Do flat files have a place in modern cloud-based architectures?

As the world embraces cloud-based solutions, many concepts and tools need to be scrutinised for their viability in this new world.

A flat file is a means of data storage where singular entries are stored within a single row, on a single table, within a single file, where the file exists on its own and does not relate to external data. An example of this would be a CSV (Comma Separated Values) file, where each line describes a record. Flat files can be a very efficient means of storing data as there is little, if any, overhead involved with regards to metadata or relational data that you might find in other data storage methods such relational databases.

Flat files are most useful when data is read sequentially and each entry does not depend on other entries for context, each row standing on its own. This makes it a great candidate for reporting aggregated data or for the export and import of data between systems. However flat files struggle with random access reading, becoming more and more cumbersome, and less performant as more entries are added.

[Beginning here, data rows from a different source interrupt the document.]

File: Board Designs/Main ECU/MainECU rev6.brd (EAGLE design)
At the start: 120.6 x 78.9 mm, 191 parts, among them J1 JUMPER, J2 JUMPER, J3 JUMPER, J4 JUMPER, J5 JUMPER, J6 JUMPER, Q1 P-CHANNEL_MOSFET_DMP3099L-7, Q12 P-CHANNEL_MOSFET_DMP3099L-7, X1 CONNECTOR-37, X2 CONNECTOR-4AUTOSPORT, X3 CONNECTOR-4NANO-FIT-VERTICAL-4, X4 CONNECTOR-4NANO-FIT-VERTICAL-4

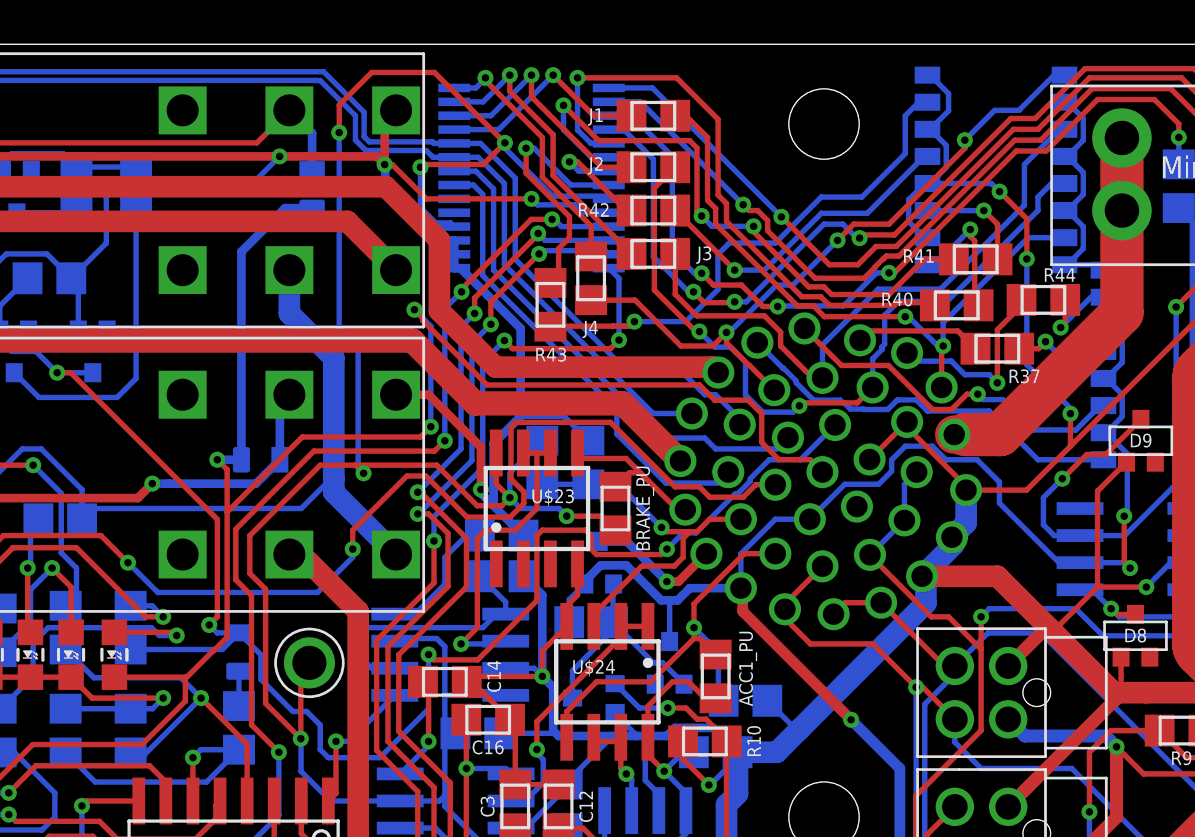
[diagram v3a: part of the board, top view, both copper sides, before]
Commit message: Main ECU rev5/6: Shorten traces, tweak silkscreen
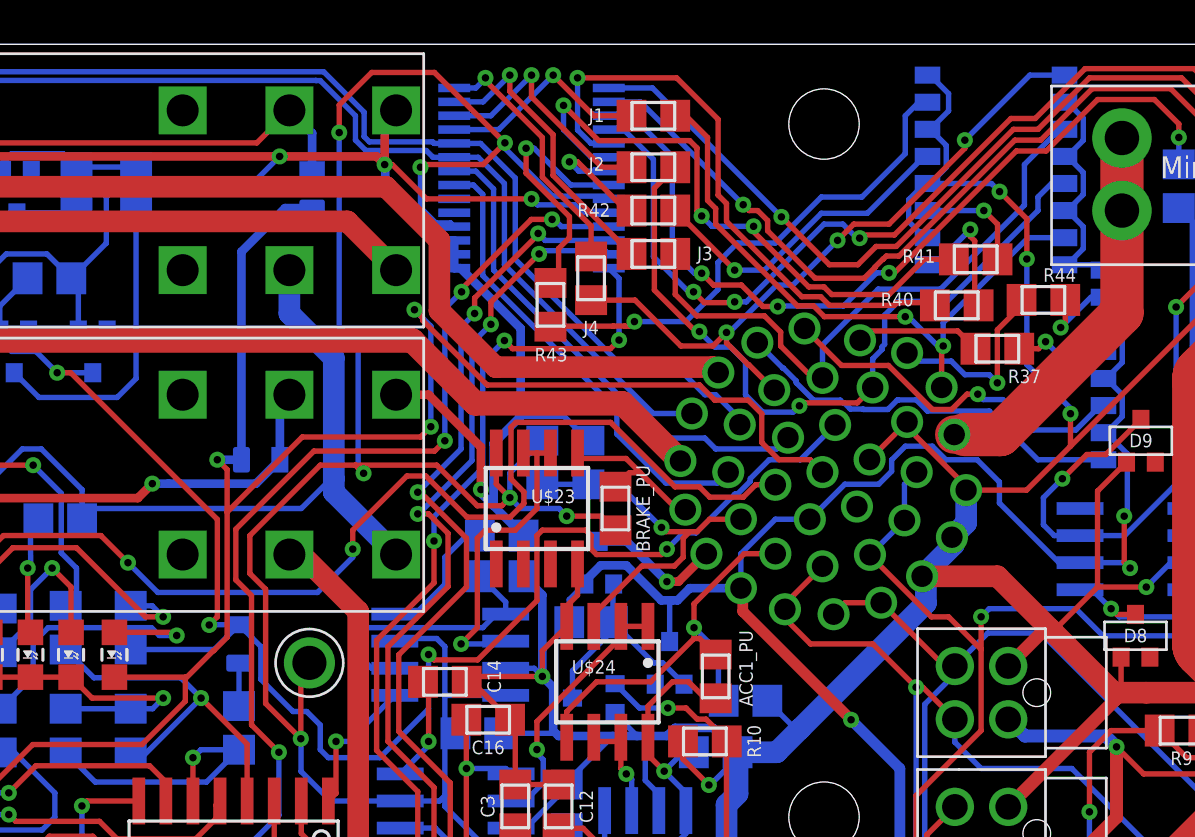
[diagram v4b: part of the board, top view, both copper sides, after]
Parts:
- moved D2 0.38 mm to (42.4, 50.8)
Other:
- board text added: "HyTech 2019 Main ECU rev6"
- board text removed: "HyTech 2019 Main ECU rev5"
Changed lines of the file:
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@@
 <grid distance="5" unitdist="mil" unit="mil" style="lines" multiple="1" display="yes" altdistance="5" altunitdist="mil" altunit="mil"/>
 <layers>
-<layer number="1" name="Top" color="4" fill="1" visible="no" active="yes"/>
+<layer number="1" name="Top" color="4" fill="1" visible="yes" active="yes"/>
 <layer number="2" name="Route2" color="16" fill="1" visible="no" active="no"/>
 <layer number="3" name="Route3" color="17" fill="1" visible="no" active="no"/>
@@
 <layer number="19" name="Unrouted" color="6" fill="1" visible="yes" active="yes"/>
 <layer number="20" name="Dimension" color="24" fill="1" visible="yes" active="yes"/>
-<layer number="21" name="tPlace" color="7" fill="1" visible="no" active="yes"/>
+<layer number="21" name="tPlace" color="7" fill="1" visible="yes" active="yes"/>
 <layer number="22" name="bPlace" color="7" fill="1" visible="yes" active="yes"/>
-<layer number="23" name="tOrigins" color="15" fill="1" visible="no" active="yes"/>
+<layer number="23" name="tOrigins" color="15" fill="1" visible="yes" active="yes"/>
 <layer number="24" name="bOrigins" color="15" fill="1" visible="yes" active="yes"/>
-<layer number="25" name="tNames" color="7" fill="1" visible="no" active="yes"/>
+<layer number="25" name="tNames" color="7" fill="1" visible="yes" active="yes"/>
 <layer number="26" name="bNames" color="7" fill="1" visible="yes" active="yes"/>
 <layer number="27" name="tValues" color="7" fill="1" visible="no" active="yes"/>
@@
 <layer number="37" name="tTest" color="7" fill="1" visible="no" active="yes"/>
 <layer number="38" name="bTest" color="7" fill="1" visible="no" active="yes"/>
-<layer number="39" name="tKeepout" color="4" fill="11" visible="no" active="yes"/>
+<layer number="39" name="tKeepout" color="4" fill="11" visible="yes" active="yes"/>
 <layer number="40" name="bKeepout" color="1" fill="11" visible="yes" active="yes"/>
-<layer number="41" name="tRestrict" color="4" fill="10" visible="no" active="yes"/>
+<layer number="41" name="tRestrict" color="4" fill="10" visible="yes" active="yes"/>
 <layer number="42" name="bRestrict" color="1" fill="10" visible="yes" active="yes"/>
 <layer number="43" name="vRestrict" color="2" fill="10" visible="no" active="yes"/>
@@
 <layer number="49" name="Reference" color="7" fill="1" visible="no" active="yes"/>
 <layer number="50" name="dxf" color="7" fill="1" visible="no" active="no"/>
-<layer number="51" name="tDocu" color="7" fill="1" visible="no" active="yes"/>
+<layer number="51" name="tDocu" color="7" fill="1" visible="yes" active="yes"/>
 <layer number="52" name="bDocu" color="7" fill="1" visible="yes" active="yes"/>
 <layer number="53" name="tGND_GNDA" color="7" fill="9" visible="no" active="no"/>
@@
 <rectangle x1="18.9865" y1="5.7785" x2="19.3675" y2="5.8547" layer="51"/>
 <rectangle x1="20.5105" y1="5.7785" x2="20.9677" y2="5.8547" layer="51"/>
-<text x="24.638" y="3.81" size="1.397" layer="51" font="vector">HyTech 2019 Main ECU rev5</text>
+<text x="24.638" y="3.81" size="1.397" layer="51" font="vector">HyTech 2019 Main ECU rev6</text>
 <text x="24.638" y="2.032" size="1.397" layer="51" font="vector">Designed by Parker Jones</text>
 <text x="32.258" y="48.387" size="0.8128" layer="51" font="vector" rot="R270">Shutdown B</text>
@@
 <attribute name="VALUE" x="14.5288" y="69.8754" size="0.3048" layer="28" font="vector" rot="MR90" align="top-center"/>
 </element>
-<element name="D2" library="HyTechDevices" package="0805_D" value="TS4148 RYG" x="42.418" y="50.419" smashed="yes" rot="MR270">
-<attribute name="NAME" x="41.4401" y="50.419" size="0.635" layer="26" font="vector" rot="MR270" align="bottom-center"/>
-<attribute name="VALUE" x="43.1292" y="50.419" size="0.3048" layer="28" font="vector" rot="MR270" align="top-center"/>
+<element name="D2" library="HyTechDevices" package="0805_D" value="TS4148 RYG" x="42.418" y="50.8" smashed="yes" rot="MR270">
+<attribute name="NAME" x="41.4401" y="50.546" size="0.635" layer="26" font="vector" rot="MR270" align="bottom-center"/>
+<attribute name="VALUE" x="43.1292" y="50.8" size="0.3048" layer="28" font="vector" rot="MR270" align="top-center"/>
 </element>
 <element name="D3" library="HyTechDevices" package="0805_D" value="TS4148 RYG" x="17.653" y="73.279" smashed="yes" rot="MR180">
@@
 <wire x1="59.182" y1="54.991" x2="62.23" y2="54.991" width="0.254" layer="1"/>
 <contactref element="R56" pad="1"/>
-<wire x1="42.418" y1="51.319" x2="41.391" y2="51.319" width="0.254" layer="16"/>
-<wire x1="41.391" y1="51.319" x2="41.021" y2="51.689" width="0.254" layer="16"/>
-<wire x1="37.338" y1="50.537" x2="41.636" y2="50.537" width="0.254" layer="16"/>
-<wire x1="41.636" y1="50.537" x2="42.418" y2="51.319" width="0.254" layer="16"/>
-<wire x1="42.418" y1="51.319" x2="43.4395" y2="50.2975" width="0.254" layer="16"/>
+<wire x1="42.418" y1="51.7" x2="41.032" y2="51.7" width="0.254" layer="16"/>
+<wire x1="41.021" y1="51.689" x2="41.032" y2="51.7" width="0.254" layer="16"/>
+<wire x1="37.338" y1="50.537" x2="41.255" y2="50.537" width="0.254" layer="16"/>
+<wire x1="41.255" y1="50.537" x2="42.418" y2="51.7" width="0.254" layer="16"/>
+<wire x1="42.418" y1="51.7" x2="43.4395" y2="50.6785" width="0.254" layer="16"/>
 <contactref element="Q2" pad="1"/>
 <contactref element="D18" pad="3"/>
@@
 <wire x1="34.528" y1="63.516" x2="33.893" y2="63.516" width="0.254" layer="1"/>
 <via x="33.893" y="63.516" extent="1-16" drill="0.35"/>
-<wire x1="43.4395" y1="50.2975" x2="43.4395" y2="49.1435" width="0.254" layer="16"/>
+<wire x1="43.4395" y1="50.6785" x2="43.4395" y2="49.1435" width="0.254" layer="16"/>
 <wire x1="44.9525" y1="47.6305" x2="45.593" y2="47.6305" width="0.254" layer="16"/>
 <wire x1="43.4395" y1="49.1435" x2="44.9525" y2="47.6305" width="0.254" layer="16"/>
@@
 <contactref element="R7" pad="1"/>
 <contactref element="D2" pad="C"/>
-<wire x1="42.418" y1="49.519" x2="42.418" y2="47.888" width="0.254" layer="16"/>
+<wire x1="42.418" y1="49.9" x2="42.418" y2="47.888" width="0.254" layer="16"/>
 </signal>
 <signal name="N$33">
@@
 <wire x1="63.373" y1="65.913" x2="64.8744" y2="67.4144" width="0.254" layer="16"/>
 <wire x1="69.723" y1="71.755" x2="67.564" y2="69.596" width="0.254" layer="16"/>
-<wire x1="65.405" y1="69.596" x2="67.564" y2="69.596" width="0.254" layer="16"/>
-<wire x1="64.8744" y1="69.0654" x2="65.405" y2="69.596" width="0.254" layer="16"/>
-<wire x1="64.8744" y1="67.4144" x2="64.8744" y2="69.0654" width="0.254" layer="16"/>
+<wire x1="65.786" y1="69.596" x2="67.564" y2="69.596" width="0.254" layer="16"/>
+<wire x1="64.8744" y1="68.6844" x2="65.786" y2="69.596" width="0.254" layer="16"/>
+<wire x1="64.8744" y1="67.4144" x2="64.8744" y2="68.6844" width="0.254" layer="16"/>
 </signal>
 <signal name="DASH_IO8">
@@
 <wire x1="66.3214375" y1="63.893403125" x2="66.29681875" y2="63.893403125" width="0.254" layer="1"/>
 <contactref element="U$30" pad="9"/>
-<wire x1="81.128" y1="77.47" x2="80.645" y2="77.47" width="0.254" layer="16"/>
-<wire x1="80.645" y1="77.47" x2="78.994" y2="75.819" width="0.254" layer="16"/>
 <wire x1="58.928" y1="66.92" x2="60.988921875" y2="66.92" width="0.254" layer="1"/>
-<wire x1="78.994" y1="75.819" x2="77.851" y2="75.819" width="0.254" layer="16"/>
-<wire x1="77.851" y1="75.819" x2="76.454" y2="74.422" width="0.254" layer="16"/>
 <via x="76.454" y="74.422" extent="1-16" drill="0.35"/>
 <wire x1="76.454" y1="74.422" x2="76.454" y2="74.041" width="0.254" layer="1"/>
@@
 <wire x1="65.278" y1="64.912221875" x2="65.278" y2="65.405" width="0.254" layer="1"/>
 <wire x1="66.29681875" y1="63.893403125" x2="65.278" y2="64.912221875" width="0.254" layer="1"/>
+<wire x1="81.128" y1="77.47" x2="79.502" y2="77.47" width="0.254" layer="16"/>
+<wire x1="79.502" y1="77.47" x2="76.454" y2="74.422" width="0.254" layer="16"/>
 </signal>
 <signal name="DASH_CTRL8_OUT">

Due to the nature of flat files having each row be monolithic, it can be difficult to prevent duplication of data within its records, with information shared between entries needing to be stored individually on each entry. The advantage of this is that it guarantees that all of the information you might need to understand an entry will exist on this entry, but does mean that storage is inefficient, where file size may be a concern.

Additionally, this duplication of data can lead to an increased computational load when reading the data in the event of aggregated reporting. As each entry must be individually analysed and its uniqueness determined in order to be able to aggregate on this shared data.

The current state of flat files.

Flat files have fallen out of favour, with relational databases taking precedence in many cases, this is due to their improved performance in most modern-day use cases, this is due to most relational database systems using a manged database, using technologies like SQL Server, that allow for data to be managed in memory, as well as allowing for indexing of information. This makes for much faster read speeds when searching across data sets compared to flat files. This is further helped by improvements to the size and speed of RAM.

Another concern on flat files in the cloud is the lack of security within the file itself, anyone who is able to gain access to the file will have unfettered access to all of its contents. This is generally not an issue for files living inside of static storage but can be a great concern when the file is in transit. If a file is interrupted in transit, then the data breach can be extremely severe as there is no way to limit the scope of said breach.

Simply encrypting the file in its entirety would be a poor solution here as the encryption and decryption of the file in its entirety would quickly outweigh the convenience of the flat file’s quick sequential reading.

So, why use flat files over a relational database, or some other form of managed storage?

In modern cloud solutions, storage is cheap. Logs and auditing data are often lengthy and expensive data sets to manage inside of a managed data storage solution, and are rarely, if ever read from by the systems themselves. Exporting logs and auditing data into flat files to be stored within the blob storage of your cloud solution can save costs on your primary database.

However, this is with the condition that these files remain within the ecosystem of the cloud solution to avoid security risk, or that these files do not contain sensitive information.

As with most solutions, flat files do have their place, in the right scenario, depending on the needs of the system, however generally they can be very limiting with regards to computational workloads, due to the poor random-access performance and the lack of relational information, leading to a poor showing in statistical analysis or live processing of data.

A flat file’s benefit is generally in long term storage of data, and not in the storage of live or active data. It can be useful though in storing data for jobs running over a queue, where the expectation is that each row can be addressed individually in succession.

This can be useful in actions that run in a certain frequency, such as daily or monthly, to make calculations based on the individual events/entries within the file; for example, services that consolidate actions between different service centres might use flat files to process the sequence of those changes, such as systems like Youtube that aggregate usage data between centres, where view counts on videos need to be updated, but real-time information is less of a priority compared to the performance of the system not being slowed down by multiple concurrent read/writes on that individual field.